Highlights & Insights¶
- Replacing scalar rewards with natural language reflection is a profound rethink of the RL paradigm—language itself is the best gradient.
- Extremely low sample requirements (100-500 evaluations) enable the optimization of API models (GPT-5, Claude) without weight access.
- Generated prompts act as interpretable "pre-computed reasoning plans" that can be directly audited and understood.
- Pareto frontier maintenance is an elegant solution to avoid overfitting.
Limitations & Future Work¶
- Dependency on high-quality reflection models (usually requiring GPT-5 level), which is not inexpensive.
- For tasks requiring large-scale weight updates (e.g., knowledge injection), prompt optimization has a limited ceiling.
- Randomness in the search process may result in variance between different runs.
- Fairness in comparison with RL is debatable—the optimization targets differ (prompts vs. weights).

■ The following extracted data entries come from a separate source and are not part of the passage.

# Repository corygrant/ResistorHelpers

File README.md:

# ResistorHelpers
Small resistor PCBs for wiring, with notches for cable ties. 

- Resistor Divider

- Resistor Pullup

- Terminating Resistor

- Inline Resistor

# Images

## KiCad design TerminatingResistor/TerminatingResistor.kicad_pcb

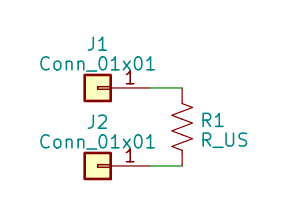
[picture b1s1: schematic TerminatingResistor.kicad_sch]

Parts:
J1, J2: Conn_01x01; SolderWire-0.5sqmm_1x01_D0.9mm_OD2.1mm
R1: R_US; R_0805_2012Metric

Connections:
unnamed: J1.1, R1.1
unnamed: J2.1, R1.2

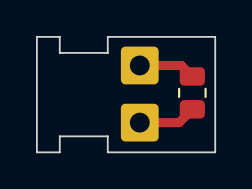
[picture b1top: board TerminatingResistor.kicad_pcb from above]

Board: 2 copper layers, 9.9 x 6.4 mm, 3 parts (0 on the bottom side), 2 nets.

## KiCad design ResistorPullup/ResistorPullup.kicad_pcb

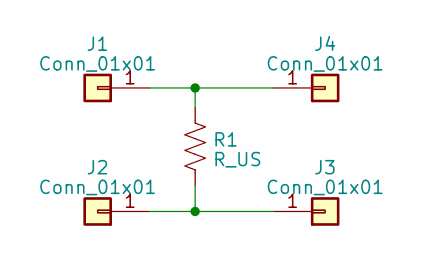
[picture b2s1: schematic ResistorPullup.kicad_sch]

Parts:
J1, J2, J3, J4: Conn_01x01; SolderWire-0.5sqmm_1x01_D0.9mm_OD2.1mm
R1: R_US; R_0805_2012Metric

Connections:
unnamed: J1.1, J4.1, R1.1
unnamed: J2.1, J3.1, R1.2

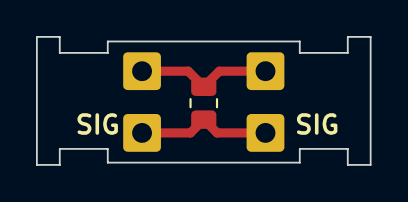
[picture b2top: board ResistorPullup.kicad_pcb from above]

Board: 2 copper layers, 18.5 x 7.1 mm, 5 parts (0 on the bottom side), 2 nets.

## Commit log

2023-05-04 As ordered
2023-05-04 Added images
2023-08-11 Change LICENSE.MD
2024-09-06 Update to Kicad 8

- For ultra-long prompts (thousands of tokens), the quality of reflection and mutation may degrade.
- The design of the evaluation metric significantly impacts final results; GEPA cannot optimize if the metric is poor.
- In tasks requiring precise control over internal model representations, such as safety alignment, the limitations of prompt optimization are more pronounced.
Related Work & Insights¶
- vs. GRPO/PPO: GRPO optimizes model weights via policy gradients, requiring massive rollouts; GEPA optimizes prompt text, replacing gradients with reflection.
- vs. MIPROv2: Previously the strongest prompt optimizer; GEPA surpasses it by 10%+ on tasks like AIME via ASI and Pareto search.
- vs. TextGrad: TextGrad also uses textual feedback but adopts gradient emulation; GEPA’s evolutionary search + reflection is more efficient.
Rating¶
- Novelty: ⭐⭐⭐⭐⭐ The paradigm of replacing RL scalar rewards with natural language reflection is highly inspiring and well-deserving of an ICLR Oral.
- Experimental Thoroughness: ⭐⭐⭐⭐ Validated across six tasks with comprehensive comparisons against GRPO and MIPROv2.
- Writing Quality: ⭐⭐⭐⭐⭐ Motivation is clearly articulated; the method is intuitive and easy to understand.
- Value: ⭐⭐⭐⭐⭐ Has already seen large-scale industrial adoption (Shopify, Databricks, OpenAI, etc.), indicating significant practical impact.